-- Supplied records follows --

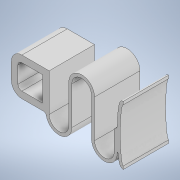
# Autodesk Inventor part: resortePlano0.8mm
Saved by Autodesk Inventor 2021.5 (Build 255421000, 421)
## iProperties
Created: 2024-11-30
Part Number: resortePlano0.8mm
Material: Genérico
Document SubType Name: Modeling
Designer: Joho_
Density: 1 g/cm^3
Appearance: Valor por defecto
Author: Joho_
## iProperties of the stored document _3DPrint.ipt
Created: 2024-11-30
Part Number: _3DPrint
Material: Genérico
Document SubType Name: Modeling
Designer: Joho_
Density: 1 g/cm^3
Appearance: Valor por defecto
Author: Joho_
Autodesk Inventor part; units mm, degrees
ref_plane "YZ Plane" through (0, 0, 0) normal (1, 0, 0) x (0, 1, 0)
ref_plane "XZ Plane" through (0, 0, 0) normal (0, 1, 0) x (-1, 0, 0)
ref_plane "XY Plane" through (0, 0, 0) normal (0, 0, 1) x (1, 0, 0)
sketch "Boceto1" plane through (0, 0, 0) normal (0, 0, 1) x (1, 0, 0)
  line L0 (3, -11.4) -> (3, -5.5)
  line L1 (3, -5.5) -> (-2.2, -5.5)
  arc A0 (-5.5, -2.2) -> (-2.2, -5.5) centre (-2.2, -2.2) ccw
  line L2 (-5.5, -2.2) -> (-5.5, 2.2)
  arc A1 (-2.2, 5.5) -> (-5.5, 2.2) centre (-2.2, 2.2) ccw
  line L3 (-2.2, 5.5) -> (3, 5.5)
  line L4 (3, 5.5) -> (3, 11.4)
  line L5 (3, 3) -> (-2.2, 3)
  arc A2 (-2.2, 3) -> (-3, 2.2) centre (-2.2, 2.2) ccw
  line L6 (-3, 2.2) -> (-3, -2.2)
  arc A3 (-3, -2.2) -> (-2.2, -3) centre (-2.2, -2.2) ccw
  line L7 (-2.2, -3) -> (3, -3)
  line L8 (3, -3) -> (3, 3)
  line L9 (-2.2, 3.25) -> (3.25, 3.25)
  line L10 (3.25, 3.25) -> (3.25, -3.25)
  line L11 (3.25, -3.25) -> (-2.2, -3.25)
  arc A4 (-3.25, -2.2) -> (-2.2, -3.25) centre (-2.2, -2.2) ccw
  line L12 (-3.25, -2.2) -> (-3.25, 2.2)
  arc A5 (-2.2, 3.25) -> (-3.25, 2.2) centre (-2.2, 2.2) ccw
  line L13 (-2.2, 5) -> (5, 5)
  line L14 (5, 5) -> (5, -5)
  line L15 (5, -5) -> (-2.2, -5)
  arc A6 (-5, -2.2) -> (-2.2, -5) centre (-2.2, -2.2) ccw
  line L16 (-5, -2.2) -> (-5, 2.2)
  arc A7 (-2.2, 5) -> (-5, 2.2) centre (-2.2, 2.2) ccw
  line L17 (22.2, 0) -> (23, 0)
  line L18 (10.2, 5) -> (11, 5)
  line L19 (11, 5) -> (11, -5)
  line L20 (11, -5) -> (10.2, -5)
  line L21 (10.2, -5) -> (10.2, 5)
  line L22 (16.2, 5) -> (17, 5)
  line L23 (17, 5) -> (17, -5)
  line L24 (17, -5) -> (16.2, -5)
  line L25 (16.2, -5) -> (16.2, 5)
  line L26 (22.2, 5) -> (23, 5)
  line L27 (23, 0) -> (23, -5)
  line L28 (23, -5) -> (22.2, -5)
  line L29 (22.2, -5) -> (22.2, 0)
  line L30 (17, 5) -> (16.2, 5)
  arc A8 (17, 5) -> (10.2, 5) centre (13.6, 5) ccw
  arc A9 (16.2, 5) -> (11, 5) centre (13.6, 5) ccw
  arc A10 (10.685, 3.25) -> (11, 2.8091) centre (13.6, 5) ccw
  arc A11 (16.2, -5) -> (23, -5) centre (19.6, -5) ccw
  arc A12 (17, -5) -> (22.2, -5) centre (19.6, -5) ccw
  arc A13 (5, -5) -> (10.2, -5) centre (7.6, -5) ccw
  arc A14 (4.2, -5) -> (11, -5) centre (7.6, -5) ccw
  line L31 (24.6, 7) -> (24.6, 7.8)
  ellipse E0 centre (24.6, 0) end of major axis (23.8, 0) minor radius 7 (24.6, 7) -> (24.6, -7) ccw
  line L32 (22.6, 0.6) -> (23.0029, 0.6)
  line L33 (23.8, 0.6) -> (23.8, -0.6)
  line L34 (23.0029, -0.6) -> (22.2, -0.6)
  line L35 (22.2, -0.6) -> (22.2, 0.2)
  line L36 (24.6, -7) -> (24.6, -7.8)
  arc A15 (22.6, 0.6) -> (22.2, 0.2) centre (22.6, 0.2) ccw
  line L37 (23.0029, -0.6) -> (23.8029, -0.6)
  line L38 (23.0029, 0.6) -> (23.8029, 0.6)
  spline S0 degree 5 poles (24.6, 7.8) (24.4963, 7.8002) (24.3925, 7.7852) (24.2917, 7.755) (24.0119, 7.624) (23.7979, 7.3915) (23.7022, 7.2078) (23.5522, 6.8313) (23.4568, 6.4344) (23.4154, 6.2353) (23.3306, 5.7654) (23.267, 5.2931) (23.235, 5.0218) (23.1724, 4.4197) (23.125, 3.8158) (23.1025, 3.4839) (23.0617, 2.7807) (23.0336, 2.077) (23.022, 1.7056) (23.0043, 0.9491) (22.9985, 0.1925) (22.9985, -0.1925) (23.0043, -0.9491) (23.022, -1.7056) (23.0336, -2.077) (23.0617, -2.7807) (23.1025, -3.4839) (23.125, -3.8158) (23.1724, -4.4197) (23.235, -5.0218) (23.267, -5.2931) (23.3306, -5.7654) (23.4154, -6.2353) (23.4568, -6.4344) (23.5522, -6.8313) (23.7022, -7.2078) (23.7979, -7.3915) (24.0119, -7.624) (24.2917, -7.755) (24.3925, -7.7852) (24.4963, -7.8002) (24.6, -7.8) knots 0 0 0 0 0 0 0.030865 0.030865 0.030865 0.090986 0.090986 0.090986 0.15174 0.15174 0.15174 0.232979 0.232979 0.232979 0.332038 0.332038 0.332038 0.442681 0.442681 0.442681 0.557319 0.557319 0.557319 0.667962 0.667962 0.667962 0.767021 0.767021 0.767021 0.84826 0.84826 0.84826 0.909014 0.909014 0.909014 0.969135 0.969135 0.969135 1 1 1 1 1 1
  spline S1 degree 5 poles (24.6, 7.8) (24.4963, 7.8002) (24.3925, 7.7852) (24.2917, 7.755) (24.0119, 7.624) (23.7979, 7.3915) (23.7022, 7.2078) (23.5522, 6.8313) (23.4568, 6.4344) (23.4154, 6.2353) (23.3306, 5.7654) (23.267, 5.2931) (23.235, 5.0218) (23.1724, 4.4197) (23.125, 3.8158) (23.1025, 3.4839) (23.0617, 2.7807) (23.0336, 2.077) (23.022, 1.7056) (23.0043, 0.9491) (22.9985, 0.1925) (22.9985, -0.1925) (23.0043, -0.9491) (23.022, -1.7056) (23.0336, -2.077) (23.0617, -2.7807) (23.1025, -3.4839) (23.125, -3.8158) (23.1724, -4.4197) (23.235, -5.0218) (23.267, -5.2931) (23.3306, -5.7654) (23.4154, -6.2353) (23.4568, -6.4344) (23.5522, -6.8313) (23.7022, -7.2078) (23.7979, -7.3915) (24.0119, -7.624) (24.2917, -7.755) (24.3925, -7.7852) (24.4963, -7.8002) (24.6, -7.8) knots 0 0 0 0 0 0 0.030865 0.030865 0.030865 0.090986 0.090986 0.090986 0.15174 0.15174 0.15174 0.232979 0.232979 0.232979 0.332038 0.332038 0.332038 0.442681 0.442681 0.442681 0.557319 0.557319 0.557319 0.667962 0.667962 0.667962 0.767021 0.767021 0.767021 0.84826 0.84826 0.84826 0.909014 0.909014 0.909014 0.969135 0.969135 0.969135 1 1 1 1 1 1
  point P0 (0, 0)
  point P1 (24.2, 5)
  point P2 (8, 5)
  point P3 (13.2, 5)
  point P4 (19.2, 5)
  point P5 (5, -5)
  point P6 (8, -5)
  point P7 (11, -5)
  point P8 (13.2, -5)
  point P9 (19.2, -5)
  point P10 (23.0029, 0.6)
  point P11 (23.0029, -0.6)
  point P12 (23, -0.6)
  dimension "d1" = 0.25
  dimension "d2" = 2
  dimension "d10" = 0.8
  dimension "d11" = 10
  dimension "d12" = 0.8
  dimension "d13" = 0.8
  constraints: 78 end point, 32 point on circle, 19 centre point, 4 coincident, 3 point on line, 1 horizontal, 14 other
  measures "d1" distance between parallel lines of L5 L9
  measures "d2" distance between parallel lines of L5 L13
  measures "d10" distance of L19.end L20.end
  measures "d11" distance of L18.end L19.end
  measures "d12" distance of L23.end L24.end
  measures "d13" distance of L28.end L27.end
extrude "Extrusión1" add sketch "Boceto1" along normal blind 12 contours L13 L14 L15 A6 L16 A7 | A13 L20 A14 L15 | L21 L18 L19 L20 | A8 L22 A9 L18 | L23 L24 L25 L22 | A12 L28 A11 L24 | L29 L34 L27 L28 | L29 L17 L27 L34 | L27 S0 L34 | L35 A15 L32 S0 L17 | S0 L38 L33 L37 | L37 E0 L36 S0 | S0 L31 E0 L38 | L33 E0 L37 | L38 E0 L33
fillet "Empalme1" radius 0.8 2 edges at (4.2, -5, 6) (23.0029, 0.6, 6)
fillet "Empalme1" radius 0.1 2 edges at (23.0029, -0.6, 6) (23, -0.6, 6)
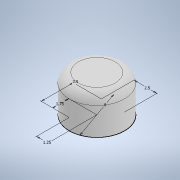
# Autodesk Inventor part: Power_Button
Saved by Autodesk Inventor 2021 (Build 250183000, 183)
## iProperties
Created: 2020-08-18
Part Number: Power_Button
Material: Generic
Document SubType Name: Modeling
Designer: ridvansong
Density: 1 g/cm^3
Appearance: Default
Author: ridvansong
Autodesk Inventor part; units mm, degrees
ref_plane "YZ Plane" through (0, 0, 0) normal (1, 0, 0) x (0, 1, 0)
ref_plane "XZ Plane" through (0, 0, 0) normal (0, 1, 0) x (-1, 0, 0)
ref_plane "XY Plane" through (0, 0, 0) normal (0, 0, 1) x (1, 0, 0)
sketch "Sketch1" plane through (0, 0, 0) normal (0, 1, 0) x (-1, 0, 0)
  circle A0 centre (0, 0) radius 3
  line L0 (1.25, 1.75) -> (-1.25, 1.75)
  line L1 (-1.25, 1.75) -> (-1.25, -1.75)
  line L2 (-1.25, -1.75) -> (1.25, -1.75)
  line L3 (1.25, -1.75) -> (1.25, 1.75)
  dimension "d0" = 6
  dimension "d1" = 2.5
  dimension "d2" = 3.5
  dimension "d3" = 1.25
  dimension "d4" = 1.75
  constraints: 8 end point, 2 parallel, 1 centre point, 1 coincident, 1 horizontal, 1 perpendicular
  measures "d0" diameter of A0
  measures "d1" distance between parallel lines of L1 L3
  measures "d2" distance between parallel lines of L2 L0
  measures "d3" distance from line of point (0, 0) L3
  measures "d4" distance from line of point (0, 0) L0
extrude "Extrusion1" add sketch "Sketch1" along normal blind 4 contours A0 | L3 L2 L1 L0
extrude "Extrusion2" cut sketch "Sketch1" along normal blind 3 contours L3 L2 L1 L0
fillet "Fillet1" radius 1 1 edges at (3, 4, 0)
body "Solid1"

-- Supplied records concluded --

The only acceptable answer is a number: how many lines in the data above hold the word "constraints".

2